Work to complete ▸ Print this span of the material below exactly: the line with "100 | 4 | 100 |", the line with "0.50 | 12.50 |", and every line between them, but nothing else.
Source records section start
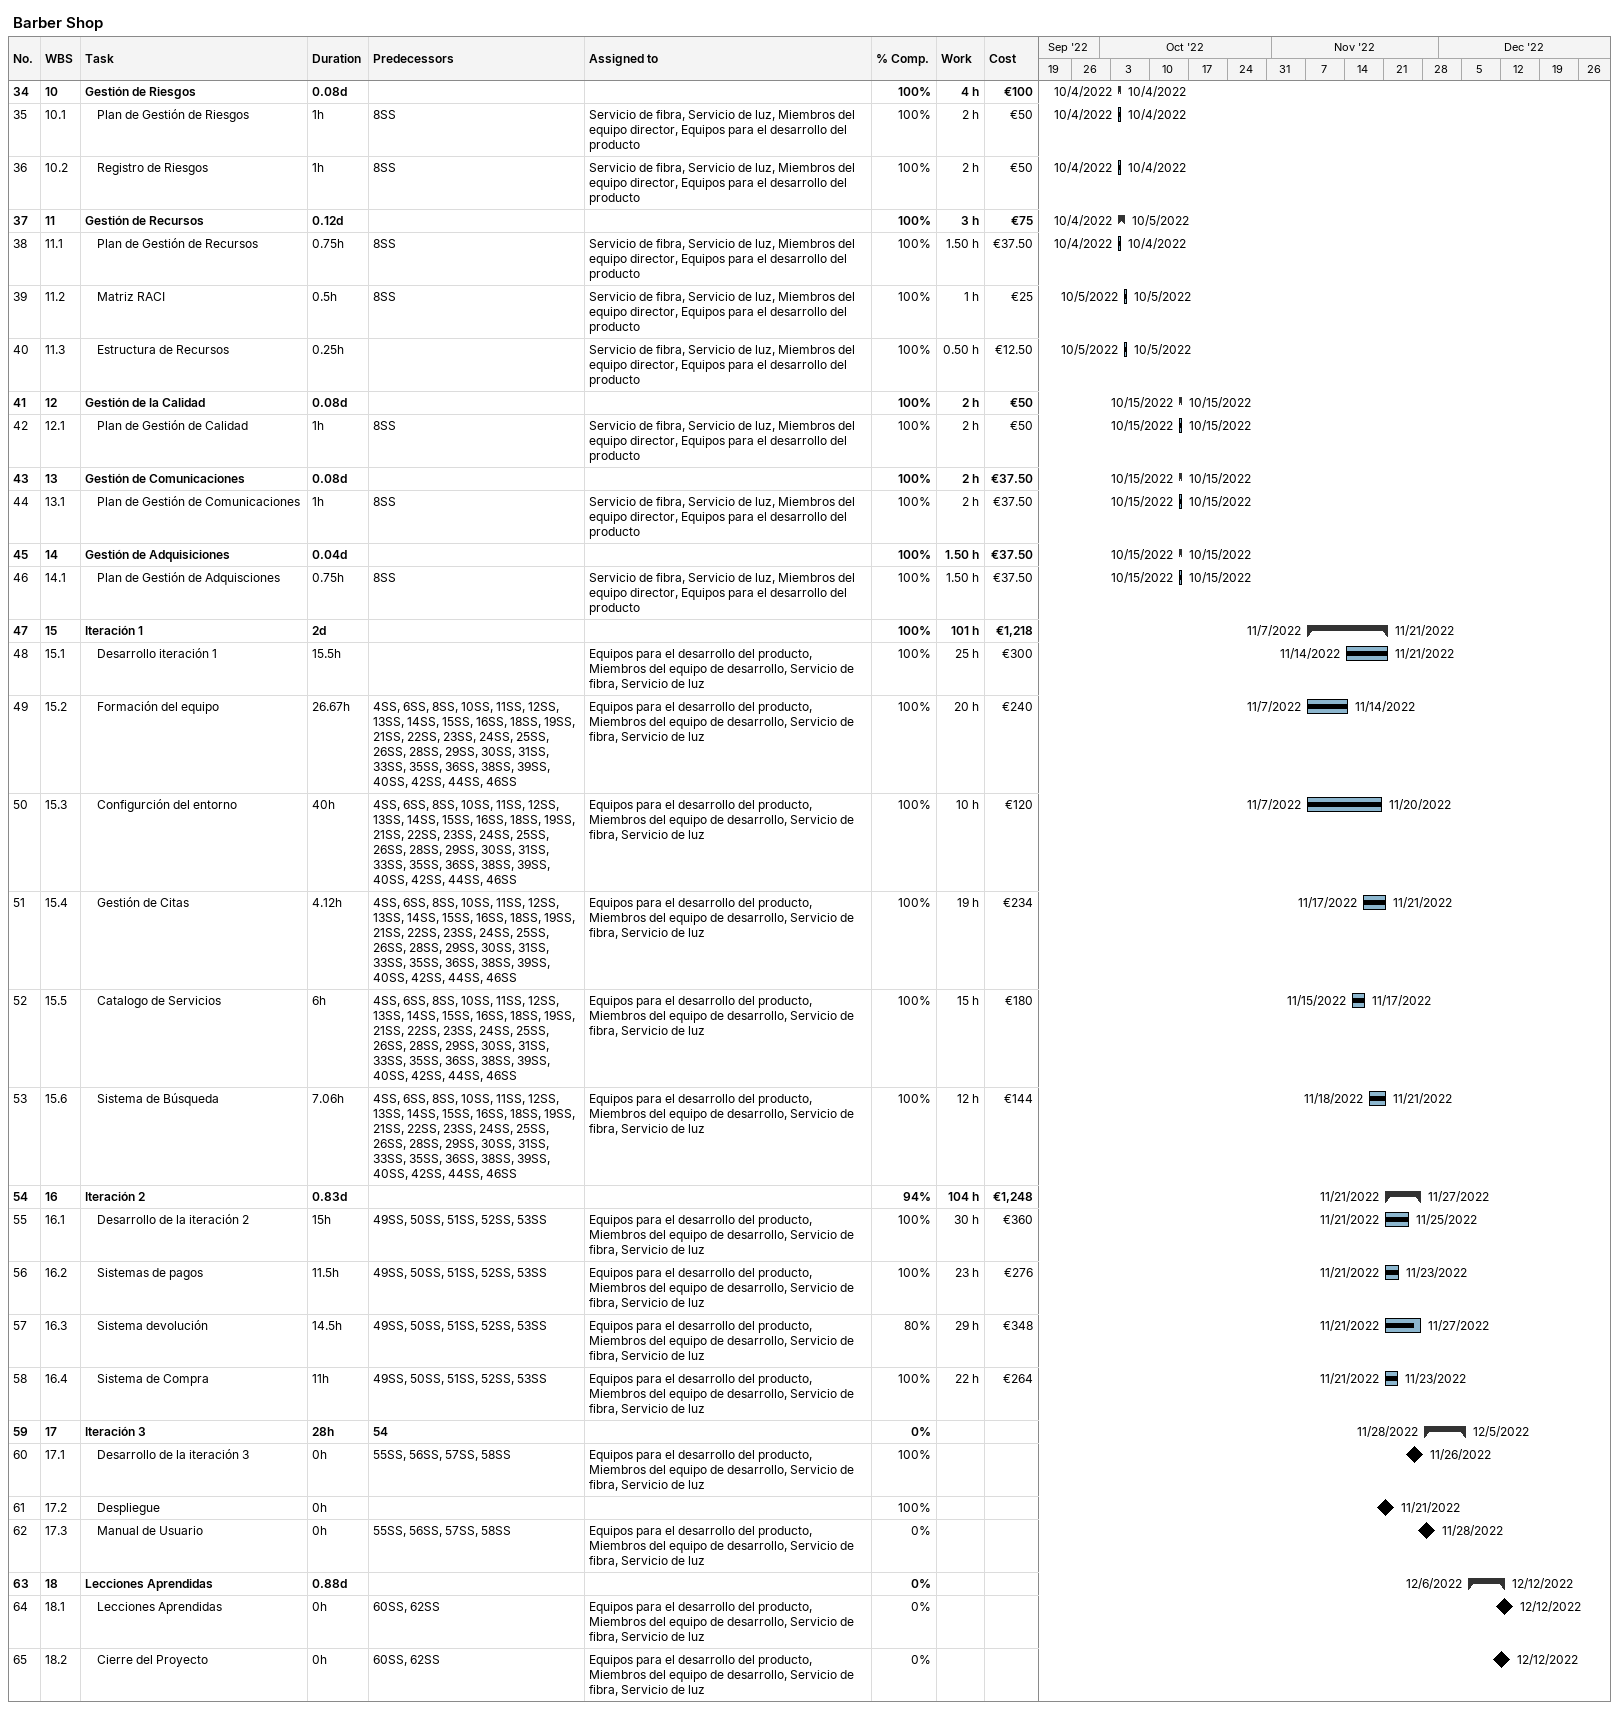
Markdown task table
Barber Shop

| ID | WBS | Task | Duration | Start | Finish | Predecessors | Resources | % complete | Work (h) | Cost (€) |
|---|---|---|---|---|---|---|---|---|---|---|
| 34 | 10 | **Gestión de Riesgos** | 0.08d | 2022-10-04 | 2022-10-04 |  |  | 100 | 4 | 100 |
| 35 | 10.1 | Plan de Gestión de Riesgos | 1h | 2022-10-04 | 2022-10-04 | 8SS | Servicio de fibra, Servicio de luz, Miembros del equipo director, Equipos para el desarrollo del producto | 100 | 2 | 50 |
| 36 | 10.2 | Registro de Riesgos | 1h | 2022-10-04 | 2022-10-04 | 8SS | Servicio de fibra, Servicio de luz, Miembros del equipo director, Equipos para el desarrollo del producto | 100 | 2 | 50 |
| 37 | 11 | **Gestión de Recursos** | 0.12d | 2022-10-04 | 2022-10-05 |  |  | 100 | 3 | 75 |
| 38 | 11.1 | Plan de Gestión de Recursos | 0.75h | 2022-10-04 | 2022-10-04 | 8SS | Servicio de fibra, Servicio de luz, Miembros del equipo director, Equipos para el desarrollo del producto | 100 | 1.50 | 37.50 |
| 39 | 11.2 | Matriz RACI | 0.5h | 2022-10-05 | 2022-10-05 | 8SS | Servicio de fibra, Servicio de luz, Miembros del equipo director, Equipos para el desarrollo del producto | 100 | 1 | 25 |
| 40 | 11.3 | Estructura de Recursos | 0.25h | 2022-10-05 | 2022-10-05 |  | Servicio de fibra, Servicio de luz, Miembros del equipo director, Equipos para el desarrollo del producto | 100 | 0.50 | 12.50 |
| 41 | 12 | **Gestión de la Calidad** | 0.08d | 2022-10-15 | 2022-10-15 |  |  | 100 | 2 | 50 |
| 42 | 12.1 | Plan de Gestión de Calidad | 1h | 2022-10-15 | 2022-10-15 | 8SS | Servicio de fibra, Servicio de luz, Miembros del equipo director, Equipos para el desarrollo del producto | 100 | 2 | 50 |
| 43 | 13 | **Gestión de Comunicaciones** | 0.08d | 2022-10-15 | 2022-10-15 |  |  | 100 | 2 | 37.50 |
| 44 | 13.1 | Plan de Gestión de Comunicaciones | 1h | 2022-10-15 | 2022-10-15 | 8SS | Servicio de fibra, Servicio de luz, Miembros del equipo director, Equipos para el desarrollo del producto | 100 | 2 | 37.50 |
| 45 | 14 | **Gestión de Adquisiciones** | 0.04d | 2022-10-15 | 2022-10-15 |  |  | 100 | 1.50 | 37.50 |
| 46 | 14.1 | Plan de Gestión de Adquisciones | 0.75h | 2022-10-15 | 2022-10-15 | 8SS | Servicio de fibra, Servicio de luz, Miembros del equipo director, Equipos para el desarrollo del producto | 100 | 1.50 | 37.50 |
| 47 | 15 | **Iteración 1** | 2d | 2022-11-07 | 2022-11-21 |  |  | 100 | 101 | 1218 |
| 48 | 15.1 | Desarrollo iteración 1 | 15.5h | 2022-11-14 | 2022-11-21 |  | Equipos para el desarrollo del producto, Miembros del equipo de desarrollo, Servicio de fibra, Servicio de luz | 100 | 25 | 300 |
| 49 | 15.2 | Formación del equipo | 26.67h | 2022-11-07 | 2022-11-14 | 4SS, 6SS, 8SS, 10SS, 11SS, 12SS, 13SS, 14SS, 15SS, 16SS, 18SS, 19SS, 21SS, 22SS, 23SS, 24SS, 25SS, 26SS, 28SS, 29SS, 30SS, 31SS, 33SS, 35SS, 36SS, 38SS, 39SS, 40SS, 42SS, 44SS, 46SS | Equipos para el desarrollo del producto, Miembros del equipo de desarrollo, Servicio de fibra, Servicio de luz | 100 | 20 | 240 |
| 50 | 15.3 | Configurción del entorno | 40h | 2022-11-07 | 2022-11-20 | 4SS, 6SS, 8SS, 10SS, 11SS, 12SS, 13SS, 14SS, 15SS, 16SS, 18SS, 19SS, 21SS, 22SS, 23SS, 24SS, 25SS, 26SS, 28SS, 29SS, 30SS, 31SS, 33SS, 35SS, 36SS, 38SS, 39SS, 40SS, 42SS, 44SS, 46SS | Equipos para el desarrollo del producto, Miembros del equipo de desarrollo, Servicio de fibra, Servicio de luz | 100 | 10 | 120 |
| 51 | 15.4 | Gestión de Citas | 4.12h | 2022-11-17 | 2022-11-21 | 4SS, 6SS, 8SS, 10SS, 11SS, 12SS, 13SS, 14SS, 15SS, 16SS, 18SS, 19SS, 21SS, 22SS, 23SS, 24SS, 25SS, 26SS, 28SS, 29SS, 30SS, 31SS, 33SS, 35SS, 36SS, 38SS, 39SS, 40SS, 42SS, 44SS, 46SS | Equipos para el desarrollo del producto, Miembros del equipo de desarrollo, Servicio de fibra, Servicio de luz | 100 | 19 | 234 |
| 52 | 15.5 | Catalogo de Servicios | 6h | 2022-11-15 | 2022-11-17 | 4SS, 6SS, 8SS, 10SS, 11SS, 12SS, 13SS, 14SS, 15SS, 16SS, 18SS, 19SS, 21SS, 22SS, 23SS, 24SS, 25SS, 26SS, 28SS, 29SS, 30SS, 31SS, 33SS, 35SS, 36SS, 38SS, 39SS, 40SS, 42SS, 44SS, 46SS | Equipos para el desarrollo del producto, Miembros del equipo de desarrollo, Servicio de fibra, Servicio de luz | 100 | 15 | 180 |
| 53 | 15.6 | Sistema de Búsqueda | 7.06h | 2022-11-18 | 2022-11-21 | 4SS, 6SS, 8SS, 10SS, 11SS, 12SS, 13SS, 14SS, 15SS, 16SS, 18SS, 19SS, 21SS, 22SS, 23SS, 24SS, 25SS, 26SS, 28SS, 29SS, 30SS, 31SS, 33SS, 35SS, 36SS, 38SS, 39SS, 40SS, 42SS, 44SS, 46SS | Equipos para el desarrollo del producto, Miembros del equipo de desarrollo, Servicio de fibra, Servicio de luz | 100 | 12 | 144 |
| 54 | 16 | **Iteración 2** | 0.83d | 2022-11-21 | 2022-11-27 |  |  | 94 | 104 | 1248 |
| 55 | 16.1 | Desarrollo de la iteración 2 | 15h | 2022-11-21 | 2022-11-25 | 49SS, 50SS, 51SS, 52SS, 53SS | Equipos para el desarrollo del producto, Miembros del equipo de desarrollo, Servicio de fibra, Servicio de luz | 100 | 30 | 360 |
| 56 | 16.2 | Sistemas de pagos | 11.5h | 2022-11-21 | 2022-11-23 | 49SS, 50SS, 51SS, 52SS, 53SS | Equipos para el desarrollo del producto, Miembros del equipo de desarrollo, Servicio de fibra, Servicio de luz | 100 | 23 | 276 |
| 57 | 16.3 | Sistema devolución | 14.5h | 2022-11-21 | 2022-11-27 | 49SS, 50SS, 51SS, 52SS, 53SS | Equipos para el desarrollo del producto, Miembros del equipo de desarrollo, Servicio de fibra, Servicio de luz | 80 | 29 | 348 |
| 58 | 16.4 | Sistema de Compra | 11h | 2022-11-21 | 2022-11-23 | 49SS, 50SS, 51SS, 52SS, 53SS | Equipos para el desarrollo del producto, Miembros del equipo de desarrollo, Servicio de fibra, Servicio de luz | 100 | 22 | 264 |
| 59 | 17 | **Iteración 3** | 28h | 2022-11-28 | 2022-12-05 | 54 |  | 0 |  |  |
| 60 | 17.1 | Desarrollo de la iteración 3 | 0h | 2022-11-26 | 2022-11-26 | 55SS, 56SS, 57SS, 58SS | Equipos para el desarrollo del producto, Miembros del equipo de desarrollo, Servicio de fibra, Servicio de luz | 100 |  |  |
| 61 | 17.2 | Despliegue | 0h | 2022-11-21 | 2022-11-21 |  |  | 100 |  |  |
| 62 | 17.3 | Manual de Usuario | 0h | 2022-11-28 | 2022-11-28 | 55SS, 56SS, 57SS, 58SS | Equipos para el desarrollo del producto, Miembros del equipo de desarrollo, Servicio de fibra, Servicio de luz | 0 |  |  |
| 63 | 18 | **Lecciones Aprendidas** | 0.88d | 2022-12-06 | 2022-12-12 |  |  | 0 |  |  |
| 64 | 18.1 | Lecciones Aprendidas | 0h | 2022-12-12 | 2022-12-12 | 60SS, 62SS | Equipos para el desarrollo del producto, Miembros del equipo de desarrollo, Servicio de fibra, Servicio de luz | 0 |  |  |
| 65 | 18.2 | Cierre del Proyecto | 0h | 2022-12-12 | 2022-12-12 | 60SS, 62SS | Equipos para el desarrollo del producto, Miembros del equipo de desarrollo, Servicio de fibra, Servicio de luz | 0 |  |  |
Source records section end
Solution for this exercise ▸
| 34 | 10 | **Gestión de Riesgos** | 0.08d | 2022-10-04 | 2022-10-04 |  |  | 100 | 4 | 100 |
| 35 | 10.1 | Plan de Gestión de Riesgos | 1h | 2022-10-04 | 2022-10-04 | 8SS | Servicio de fibra, Servicio de luz, Miembros del equipo director, Equipos para el desarrollo del producto | 100 | 2 | 50 |
| 36 | 10.2 | Registro de Riesgos | 1h | 2022-10-04 | 2022-10-04 | 8SS | Servicio de fibra, Servicio de luz, Miembros del equipo director, Equipos para el desarrollo del producto | 100 | 2 | 50 |
| 37 | 11 | **Gestión de Recursos** | 0.12d | 2022-10-04 | 2022-10-05 |  |  | 100 | 3 | 75 |
| 38 | 11.1 | Plan de Gestión de Recursos | 0.75h | 2022-10-04 | 2022-10-04 | 8SS | Servicio de fibra, Servicio de luz, Miembros del equipo director, Equipos para el desarrollo del producto | 100 | 1.50 | 37.50 |
| 39 | 11.2 | Matriz RACI | 0.5h | 2022-10-05 | 2022-10-05 | 8SS | Servicio de fibra, Servicio de luz, Miembros del equipo director, Equipos para el desarrollo del producto | 100 | 1 | 25 |
| 40 | 11.3 | Estructura de Recursos | 0.25h | 2022-10-05 | 2022-10-05 |  | Servicio de fibra, Servicio de luz, Miembros del equipo director, Equipos para el desarrollo del producto | 100 | 0.50 | 12.50 |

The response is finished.